[Records drawn from a dataset]
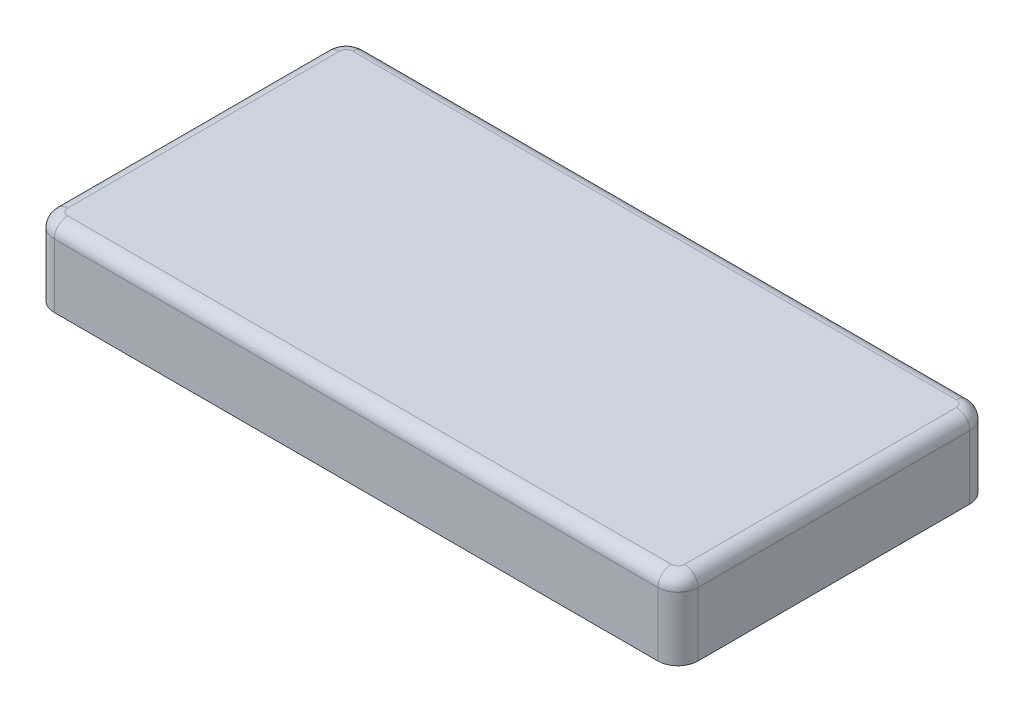
ISO-10303-21;
HEADER;
FILE_DESCRIPTION(('STEP AP214'),'2;1');
FILE_NAME('part.step','',(''),(''),'','','');
FILE_SCHEMA(('AUTOMOTIVE_DESIGN { 1 0 10303 214 1 1 1 1 }'));
ENDSEC;
DATA;
#1=APPLICATION_CONTEXT('core data for automotive mechanical design processes');
#2=APPLICATION_PROTOCOL_DEFINITION('international standard','automotive_design',2000,#1);
#3=PRODUCT_CONTEXT('',#1,'mechanical');
#4=PRODUCT('Part','Part','',(#3));
#5=PRODUCT_RELATED_PRODUCT_CATEGORY('part','',(#4));
#6=PRODUCT_DEFINITION_FORMATION('','',#4);
#7=PRODUCT_DEFINITION_CONTEXT('part definition',#1,'design');
#8=PRODUCT_DEFINITION('design','',#6,#7);
#9=PRODUCT_DEFINITION_SHAPE('','',#8);
#10=(LENGTH_UNIT() NAMED_UNIT(*) SI_UNIT(.MILLI.,.METRE.));
#11=(NAMED_UNIT(*) PLANE_ANGLE_UNIT() SI_UNIT($,.RADIAN.));
#12=(NAMED_UNIT(*) SI_UNIT($,.STERADIAN.) SOLID_ANGLE_UNIT());
#13=UNCERTAINTY_MEASURE_WITH_UNIT(LENGTH_MEASURE(1.E-05),#10,'distance_accuracy_value','');
#14=(GEOMETRIC_REPRESENTATION_CONTEXT(3) GLOBAL_UNCERTAINTY_ASSIGNED_CONTEXT((#13)) GLOBAL_UNIT_ASSIGNED_CONTEXT((#10,
#11,#12)) REPRESENTATION_CONTEXT('',''));
#15=CARTESIAN_POINT('',(0.,0.,0.));
#16=DIRECTION('',(0.,0.,1.));
#17=DIRECTION('',(1.,0.,0.));
#18=AXIS2_PLACEMENT_3D('',#15,#16,#17);
#19=CARTESIAN_POINT('',(0.,5.1,0.));
#20=DIRECTION('',(0.,1.,0.));
#21=DIRECTION('',(0.,0.,1.));
#22=AXIS2_PLACEMENT_3D('',#19,#20,#21);
#23=PLANE('',#22);
#24=DIRECTION('',(0.,0.,1.));
#25=VECTOR('',#24,1.);
#26=CARTESIAN_POINT('',(46.0375,5.1,0.));
#27=LINE('',#26,#25);
#28=CARTESIAN_POINT('',(46.0375,5.1,-20.2725));
#29=VERTEX_POINT('',#28);
#30=CARTESIAN_POINT('',(46.0375,5.1,20.2725));
#31=VERTEX_POINT('',#30);
#32=EDGE_CURVE('E345',#29,#31,#27,.T.);
#33=ORIENTED_EDGE('',*,*,#32,.T.);
#34=CARTESIAN_POINT('',(45.0375,5.1,20.2725));
#35=DIRECTION('',(0.,1.,0.));
#36=DIRECTION('',(0.,0.,1.));
#37=AXIS2_PLACEMENT_3D('',#34,#35,#36);
#38=CIRCLE('',#37,1.);
#39=CARTESIAN_POINT('',(45.0375,5.1,21.2725));
#40=VERTEX_POINT('',#39);
#41=EDGE_CURVE('E347',#31,#40,#38,.F.);
#42=ORIENTED_EDGE('',*,*,#41,.T.);
#43=DIRECTION('',(-1.,0.,0.));
#44=VECTOR('',#43,1.);
#45=CARTESIAN_POINT('',(0.,5.1,21.2725));
#46=LINE('',#45,#44);
#47=CARTESIAN_POINT('',(-45.0375,5.1,21.2725));
#48=VERTEX_POINT('',#47);
#49=EDGE_CURVE('E310',#40,#48,#46,.T.);
#50=ORIENTED_EDGE('',*,*,#49,.T.);
#51=CARTESIAN_POINT('',(-45.0375,5.1,20.2725));
#52=DIRECTION('',(0.,1.,0.));
#53=DIRECTION('',(0.,0.,1.));
#54=AXIS2_PLACEMENT_3D('',#51,#52,#53);
#55=CIRCLE('',#54,1.);
#56=CARTESIAN_POINT('',(-46.0375,5.1,20.2725));
#57=VERTEX_POINT('',#56);
#58=EDGE_CURVE('E335',#48,#57,#55,.F.);
#59=ORIENTED_EDGE('',*,*,#58,.T.);
#60=DIRECTION('',(0.,0.,-1.));
#61=VECTOR('',#60,1.);
#62=CARTESIAN_POINT('',(-46.0375,5.1,0.));
#63=LINE('',#62,#61);
#64=CARTESIAN_POINT('',(-46.0375,5.1,-20.2725));
#65=VERTEX_POINT('',#64);
#66=EDGE_CURVE('E337',#57,#65,#63,.T.);
#67=ORIENTED_EDGE('',*,*,#66,.T.);
#68=CARTESIAN_POINT('',(-45.0375,5.1,-20.2725));
#69=DIRECTION('',(0.,1.,0.));
#70=DIRECTION('',(0.,0.,1.));
#71=AXIS2_PLACEMENT_3D('',#68,#69,#70);
#72=CIRCLE('',#71,1.);
#73=CARTESIAN_POINT('',(-45.0375,5.1,-21.2725));
#74=VERTEX_POINT('',#73);
#75=EDGE_CURVE('E339',#65,#74,#72,.F.);
#76=ORIENTED_EDGE('',*,*,#75,.T.);
#77=DIRECTION('',(1.,0.,0.));
#78=VECTOR('',#77,1.);
#79=CARTESIAN_POINT('',(0.,5.1,-21.2725));
#80=LINE('',#79,#78);
#81=CARTESIAN_POINT('',(45.0375,5.1,-21.2725));
#82=VERTEX_POINT('',#81);
#83=EDGE_CURVE('E341',#74,#82,#80,.T.);
#84=ORIENTED_EDGE('',*,*,#83,.T.);
#85=CARTESIAN_POINT('',(45.0375,5.1,-20.2725));
#86=DIRECTION('',(0.,1.,0.));
#87=DIRECTION('',(0.,0.,1.));
#88=AXIS2_PLACEMENT_3D('',#85,#86,#87);
#89=CIRCLE('',#88,1.);
#90=EDGE_CURVE('E343',#82,#29,#89,.F.);
#91=ORIENTED_EDGE('',*,*,#90,.T.);
#92=EDGE_LOOP('',(#33,#42,#50,#59,#67,#76,#84,#91));
#93=FACE_BOUND('',#92,.T.);
#94=CARTESIAN_POINT('',(41.5925,5.1,16.8275));
#95=DIRECTION('',(0.,1.,0.));
#96=DIRECTION('',(0.,0.,1.));
#97=AXIS2_PLACEMENT_3D('',#94,#95,#96);
#98=CIRCLE('',#97,3.5);
#99=CARTESIAN_POINT('',(41.5925,5.1,20.3275));
#100=VERTEX_POINT('',#99);
#101=EDGE_CURVE('E422',#100,#100,#98,.F.);
#102=ORIENTED_EDGE('',*,*,#101,.F.);
#103=EDGE_LOOP('',(#102));
#104=FACE_BOUND('',#103,.T.);
#105=CARTESIAN_POINT('',(-41.5925,5.1,-16.8275));
#106=DIRECTION('',(0.,1.,0.));
#107=DIRECTION('',(0.,0.,1.));
#108=AXIS2_PLACEMENT_3D('',#105,#106,#107);
#109=CIRCLE('',#108,3.5);
#110=CARTESIAN_POINT('',(-41.5925,5.1,-13.3275));
#111=VERTEX_POINT('',#110);
#112=EDGE_CURVE('E434',#111,#111,#109,.T.);
#113=ORIENTED_EDGE('',*,*,#112,.T.);
#114=EDGE_LOOP('',(#113));
#115=FACE_BOUND('',#114,.T.);
#116=CARTESIAN_POINT('',(-41.5925,5.1,16.8275));
#117=DIRECTION('',(0.,1.,0.));
#118=DIRECTION('',(0.,0.,1.));
#119=AXIS2_PLACEMENT_3D('',#116,#117,#118);
#120=CIRCLE('',#119,3.5);
#121=CARTESIAN_POINT('',(-41.5925,5.1,20.3275));
#122=VERTEX_POINT('',#121);
#123=EDGE_CURVE('E428',#122,#122,#120,.F.);
#124=ORIENTED_EDGE('',*,*,#123,.F.);
#125=EDGE_LOOP('',(#124));
#126=FACE_BOUND('',#125,.T.);
#127=CARTESIAN_POINT('',(41.5925,5.1,-16.8275));
#128=DIRECTION('',(0.,1.,0.));
#129=DIRECTION('',(0.,0.,1.));
#130=AXIS2_PLACEMENT_3D('',#127,#128,#129);
#131=CIRCLE('',#130,3.5);
#132=CARTESIAN_POINT('',(41.5925,5.1,-13.3275));
#133=VERTEX_POINT('',#132);
#134=EDGE_CURVE('E232',#133,#133,#131,.F.);
#135=ORIENTED_EDGE('',*,*,#134,.F.);
#136=EDGE_LOOP('',(#135));
#137=FACE_BOUND('',#136,.T.);
#138=ADVANCED_FACE('F37',(#93,#104,#115,#126,#137),#23,.F.);
#139=CARTESIAN_POINT('',(-41.5925,6.6,-16.8275));
#140=DIRECTION('',(0.,-1.,0.));
#141=DIRECTION('',(0.,0.,-1.));
#142=AXIS2_PLACEMENT_3D('',#139,#140,#141);
#143=CYLINDRICAL_SURFACE('',#142,3.5);
#144=CARTESIAN_POINT('',(-41.5925,1.6,-16.8275));
#145=DIRECTION('',(0.,1.,0.));
#146=DIRECTION('',(0.,0.,1.));
#147=AXIS2_PLACEMENT_3D('',#144,#145,#146);
#148=CIRCLE('',#147,3.5);
#149=CARTESIAN_POINT('',(-41.5925,1.6,-13.3275));
#150=VERTEX_POINT('',#149);
#151=EDGE_CURVE('E431',#150,#150,#148,.T.);
#152=ORIENTED_EDGE('',*,*,#151,.T.);
#153=EDGE_LOOP('',(#152));
#154=FACE_BOUND('',#153,.T.);
#155=ORIENTED_EDGE('',*,*,#112,.F.);
#156=EDGE_LOOP('',(#155));
#157=FACE_BOUND('',#156,.T.);
#158=ADVANCED_FACE('F441',(#154,#157),#143,.T.);
#159=CARTESIAN_POINT('',(-41.5925,1.6,-16.8275));
#160=DIRECTION('',(0.,1.,0.));
#161=DIRECTION('',(0.,0.,1.));
#162=AXIS2_PLACEMENT_3D('',#159,#160,#161);
#163=PLANE('',#162);
#164=ORIENTED_EDGE('',*,*,#151,.F.);
#165=EDGE_LOOP('',(#164));
#166=FACE_BOUND('',#165,.T.);
#167=ADVANCED_FACE('F443',(#166),#163,.F.);
#168=CARTESIAN_POINT('',(-41.5925,6.6,16.8275));
#169=DIRECTION('',(0.,-1.,0.));
#170=DIRECTION('',(0.,0.,-1.));
#171=AXIS2_PLACEMENT_3D('',#168,#169,#170);
#172=CYLINDRICAL_SURFACE('',#171,3.5);
#173=CARTESIAN_POINT('',(-41.5925,1.6,16.8275));
#174=DIRECTION('',(0.,1.,0.));
#175=DIRECTION('',(0.,0.,1.));
#176=AXIS2_PLACEMENT_3D('',#173,#174,#175);
#177=CIRCLE('',#176,3.5);
#178=CARTESIAN_POINT('',(-41.5925,1.6,20.3275));
#179=VERTEX_POINT('',#178);
#180=EDGE_CURVE('E425',#179,#179,#177,.T.);
#181=ORIENTED_EDGE('',*,*,#180,.T.);
#182=EDGE_LOOP('',(#181));
#183=FACE_BOUND('',#182,.T.);
#184=ORIENTED_EDGE('',*,*,#123,.T.);
#185=EDGE_LOOP('',(#184));
#186=FACE_BOUND('',#185,.T.);
#187=ADVANCED_FACE('F450',(#183,#186),#172,.T.);
#188=CARTESIAN_POINT('',(-41.5925,1.6,16.8275));
#189=DIRECTION('',(0.,1.,0.));
#190=DIRECTION('',(0.,0.,1.));
#191=AXIS2_PLACEMENT_3D('',#188,#189,#190);
#192=PLANE('',#191);
#193=ORIENTED_EDGE('',*,*,#180,.F.);
#194=EDGE_LOOP('',(#193));
#195=FACE_BOUND('',#194,.T.);
#196=ADVANCED_FACE('F708',(#195),#192,.F.);
#197=CARTESIAN_POINT('',(41.5925,6.6,16.8275));
#198=DIRECTION('',(0.,-1.,0.));
#199=DIRECTION('',(0.,0.,-1.));
#200=AXIS2_PLACEMENT_3D('',#197,#198,#199);
#201=CYLINDRICAL_SURFACE('',#200,3.5);
#202=CARTESIAN_POINT('',(41.5925,1.6,16.8275));
#203=DIRECTION('',(0.,1.,0.));
#204=DIRECTION('',(0.,0.,1.));
#205=AXIS2_PLACEMENT_3D('',#202,#203,#204);
#206=CIRCLE('',#205,3.5);
#207=CARTESIAN_POINT('',(41.5925,1.6,20.3275));
#208=VERTEX_POINT('',#207);
#209=EDGE_CURVE('E419',#208,#208,#206,.T.);
#210=ORIENTED_EDGE('',*,*,#209,.T.);
#211=EDGE_LOOP('',(#210));
#212=FACE_BOUND('',#211,.T.);
#213=ORIENTED_EDGE('',*,*,#101,.T.);
#214=EDGE_LOOP('',(#213));
#215=FACE_BOUND('',#214,.T.);
#216=ADVANCED_FACE('F700',(#212,#215),#201,.T.);
#217=CARTESIAN_POINT('',(41.5925,1.6,16.8275));
#218=DIRECTION('',(0.,1.,0.));
#219=DIRECTION('',(0.,0.,1.));
#220=AXIS2_PLACEMENT_3D('',#217,#218,#219);
#221=PLANE('',#220);
#222=ORIENTED_EDGE('',*,*,#209,.F.);
#223=EDGE_LOOP('',(#222));
#224=FACE_BOUND('',#223,.T.);
#225=ADVANCED_FACE('F692',(#224),#221,.F.);
#226=CARTESIAN_POINT('',(41.5925,6.6,-16.8275));
#227=DIRECTION('',(0.,-1.,0.));
#228=DIRECTION('',(0.,0.,-1.));
#229=AXIS2_PLACEMENT_3D('',#226,#227,#228);
#230=CYLINDRICAL_SURFACE('',#229,3.5);
#231=CARTESIAN_POINT('',(41.5925,1.6,-16.8275));
#232=DIRECTION('',(0.,1.,0.));
#233=DIRECTION('',(0.,0.,1.));
#234=AXIS2_PLACEMENT_3D('',#231,#232,#233);
#235=CIRCLE('',#234,3.5);
#236=CARTESIAN_POINT('',(41.5925,1.6,-13.3275));
#237=VERTEX_POINT('',#236);
#238=EDGE_CURVE('E416',#237,#237,#235,.T.);
#239=ORIENTED_EDGE('',*,*,#238,.T.);
#240=EDGE_LOOP('',(#239));
#241=FACE_BOUND('',#240,.T.);
#242=ORIENTED_EDGE('',*,*,#134,.T.);
#243=EDGE_LOOP('',(#242));
#244=FACE_BOUND('',#243,.T.);
#245=ADVANCED_FACE('F684',(#241,#244),#230,.T.);
#246=CARTESIAN_POINT('',(41.5925,1.6,-16.8275));
#247=DIRECTION('',(0.,1.,0.));
#248=DIRECTION('',(0.,0.,1.));
#249=AXIS2_PLACEMENT_3D('',#246,#247,#248);
#250=PLANE('',#249);
#251=ORIENTED_EDGE('',*,*,#238,.F.);
#252=EDGE_LOOP('',(#251));
#253=FACE_BOUND('',#252,.T.);
#254=ADVANCED_FACE('F677',(#253),#250,.F.);
#255=CARTESIAN_POINT('',(0.,-4.9,0.));
#256=DIRECTION('',(0.,-1.,0.));
#257=DIRECTION('',(0.,0.,-1.));
#258=AXIS2_PLACEMENT_3D('',#255,#256,#257);
#259=PLANE('',#258);
#260=DIRECTION('',(1.,0.,0.));
#261=VECTOR('',#260,1.);
#262=CARTESIAN_POINT('',(-48.0375,-4.9,-23.2725));
#263=LINE('',#262,#261);
#264=CARTESIAN_POINT('',(-45.0375,-4.9,-23.2725));
#265=VERTEX_POINT('',#264);
#266=CARTESIAN_POINT('',(45.0375,-4.9,-23.2725));
#267=VERTEX_POINT('',#266);
#268=EDGE_CURVE('E208',#265,#267,#263,.T.);
#269=ORIENTED_EDGE('',*,*,#268,.T.);
#270=CARTESIAN_POINT('',(45.0375,-4.9,-20.2725));
#271=DIRECTION('',(0.,-1.,0.));
#272=DIRECTION('',(0.,0.,-1.));
#273=AXIS2_PLACEMENT_3D('',#270,#271,#272);
#274=CIRCLE('',#273,3.);
#275=CARTESIAN_POINT('',(48.0375,-4.9,-20.2725));
#276=VERTEX_POINT('',#275);
#277=EDGE_CURVE('E201',#267,#276,#274,.T.);
#278=ORIENTED_EDGE('',*,*,#277,.T.);
#279=DIRECTION('',(0.,0.,1.));
#280=VECTOR('',#279,1.);
#281=CARTESIAN_POINT('',(48.0375,-4.9,-23.2725));
#282=LINE('',#281,#280);
#283=CARTESIAN_POINT('',(48.0375,-4.9,20.2725));
#284=VERTEX_POINT('',#283);
#285=EDGE_CURVE('E205',#276,#284,#282,.T.);
#286=ORIENTED_EDGE('',*,*,#285,.T.);
#287=CARTESIAN_POINT('',(45.0375,-4.9,20.2725));
#288=DIRECTION('',(0.,-1.,0.));
#289=DIRECTION('',(0.,0.,-1.));
#290=AXIS2_PLACEMENT_3D('',#287,#288,#289);
#291=CIRCLE('',#290,3.);
#292=CARTESIAN_POINT('',(45.0375,-4.9,23.2725));
#293=VERTEX_POINT('',#292);
#294=EDGE_CURVE('E237',#284,#293,#291,.T.);
#295=ORIENTED_EDGE('',*,*,#294,.T.);
#296=DIRECTION('',(-1.,0.,0.));
#297=VECTOR('',#296,1.);
#298=CARTESIAN_POINT('',(48.0375,-4.9,23.2725));
#299=LINE('',#298,#297);
#300=CARTESIAN_POINT('',(-45.0375,-4.9,23.2725));
#301=VERTEX_POINT('',#300);
#302=EDGE_CURVE('E222',#293,#301,#299,.T.);
#303=ORIENTED_EDGE('',*,*,#302,.T.);
#304=CARTESIAN_POINT('',(-45.0375,-4.9,20.2725));
#305=DIRECTION('',(0.,-1.,0.));
#306=DIRECTION('',(0.,0.,-1.));
#307=AXIS2_PLACEMENT_3D('',#304,#305,#306);
#308=CIRCLE('',#307,3.);
#309=CARTESIAN_POINT('',(-48.0375,-4.9,20.2725));
#310=VERTEX_POINT('',#309);
#311=EDGE_CURVE('E239',#301,#310,#308,.T.);
#312=ORIENTED_EDGE('',*,*,#311,.T.);
#313=DIRECTION('',(0.,0.,-1.));
#314=VECTOR('',#313,1.);
#315=CARTESIAN_POINT('',(-48.0375,-4.9,23.2725));
#316=LINE('',#315,#314);
#317=CARTESIAN_POINT('',(-48.0375,-4.9,-20.2725));
#318=VERTEX_POINT('',#317);
#319=EDGE_CURVE('E413',#310,#318,#316,.T.);
#320=ORIENTED_EDGE('',*,*,#319,.T.);
#321=CARTESIAN_POINT('',(-45.0375,-4.9,-20.2725));
#322=DIRECTION('',(0.,-1.,0.));
#323=DIRECTION('',(0.,0.,-1.));
#324=AXIS2_PLACEMENT_3D('',#321,#322,#323);
#325=CIRCLE('',#324,3.);
#326=EDGE_CURVE('E213',#318,#265,#325,.T.);
#327=ORIENTED_EDGE('',*,*,#326,.T.);
#328=EDGE_LOOP('',(#269,#278,#286,#295,#303,#312,#320,#327));
#329=FACE_BOUND('',#328,.T.);
#330=DIRECTION('',(0.,0.,1.));
#331=VECTOR('',#330,1.);
#332=CARTESIAN_POINT('',(46.5375,-4.9,-21.7725));
#333=LINE('',#332,#331);
#334=CARTESIAN_POINT('',(46.5375,-4.9,-20.2725));
#335=VERTEX_POINT('',#334);
#336=CARTESIAN_POINT('',(46.5375,-4.9,20.2725));
#337=VERTEX_POINT('',#336);
#338=EDGE_CURVE('E407',#335,#337,#333,.T.);
#339=ORIENTED_EDGE('',*,*,#338,.F.);
#340=CARTESIAN_POINT('',(45.0375,-4.9,-20.2725));
#341=DIRECTION('',(0.,-1.,0.));
#342=DIRECTION('',(0.,0.,-1.));
#343=AXIS2_PLACEMENT_3D('',#340,#341,#342);
#344=CIRCLE('',#343,1.5);
#345=CARTESIAN_POINT('',(45.0375,-4.9,-21.7725));
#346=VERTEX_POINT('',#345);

## TASK INSTRUCTIONS
Your answer must consist solely of the lines above between the line holding "#60=DIRECTION('',(0.,0.,-1.));" and the line holding "#93=FACE_BOUND('',#92,.T.);", inclusive, copied exactly.

## ANSWER SPACE
#60=DIRECTION('',(0.,0.,-1.));
#61=VECTOR('',#60,1.);
#62=CARTESIAN_POINT('',(-46.0375,5.1,0.));
#63=LINE('',#62,#61);
#64=CARTESIAN_POINT('',(-46.0375,5.1,-20.2725));
#65=VERTEX_POINT('',#64);
#66=EDGE_CURVE('E337',#57,#65,#63,.T.);
#67=ORIENTED_EDGE('',*,*,#66,.T.);
#68=CARTESIAN_POINT('',(-45.0375,5.1,-20.2725));
#69=DIRECTION('',(0.,1.,0.));
#70=DIRECTION('',(0.,0.,1.));
#71=AXIS2_PLACEMENT_3D('',#68,#69,#70);
#72=CIRCLE('',#71,1.);
#73=CARTESIAN_POINT('',(-45.0375,5.1,-21.2725));
#74=VERTEX_POINT('',#73);
#75=EDGE_CURVE('E339',#65,#74,#72,.F.);
#76=ORIENTED_EDGE('',*,*,#75,.T.);
#77=DIRECTION('',(1.,0.,0.));
#78=VECTOR('',#77,1.);
#79=CARTESIAN_POINT('',(0.,5.1,-21.2725));
#80=LINE('',#79,#78);
#81=CARTESIAN_POINT('',(45.0375,5.1,-21.2725));
#82=VERTEX_POINT('',#81);
#83=EDGE_CURVE('E341',#74,#82,#80,.T.);
#84=ORIENTED_EDGE('',*,*,#83,.T.);
#85=CARTESIAN_POINT('',(45.0375,5.1,-20.2725));
#86=DIRECTION('',(0.,1.,0.));
#87=DIRECTION('',(0.,0.,1.));
#88=AXIS2_PLACEMENT_3D('',#85,#86,#87);
#89=CIRCLE('',#88,1.);
#90=EDGE_CURVE('E343',#82,#29,#89,.F.);
#91=ORIENTED_EDGE('',*,*,#90,.T.);
#92=EDGE_LOOP('',(#33,#42,#50,#59,#67,#76,#84,#91));
#93=FACE_BOUND('',#92,.T.);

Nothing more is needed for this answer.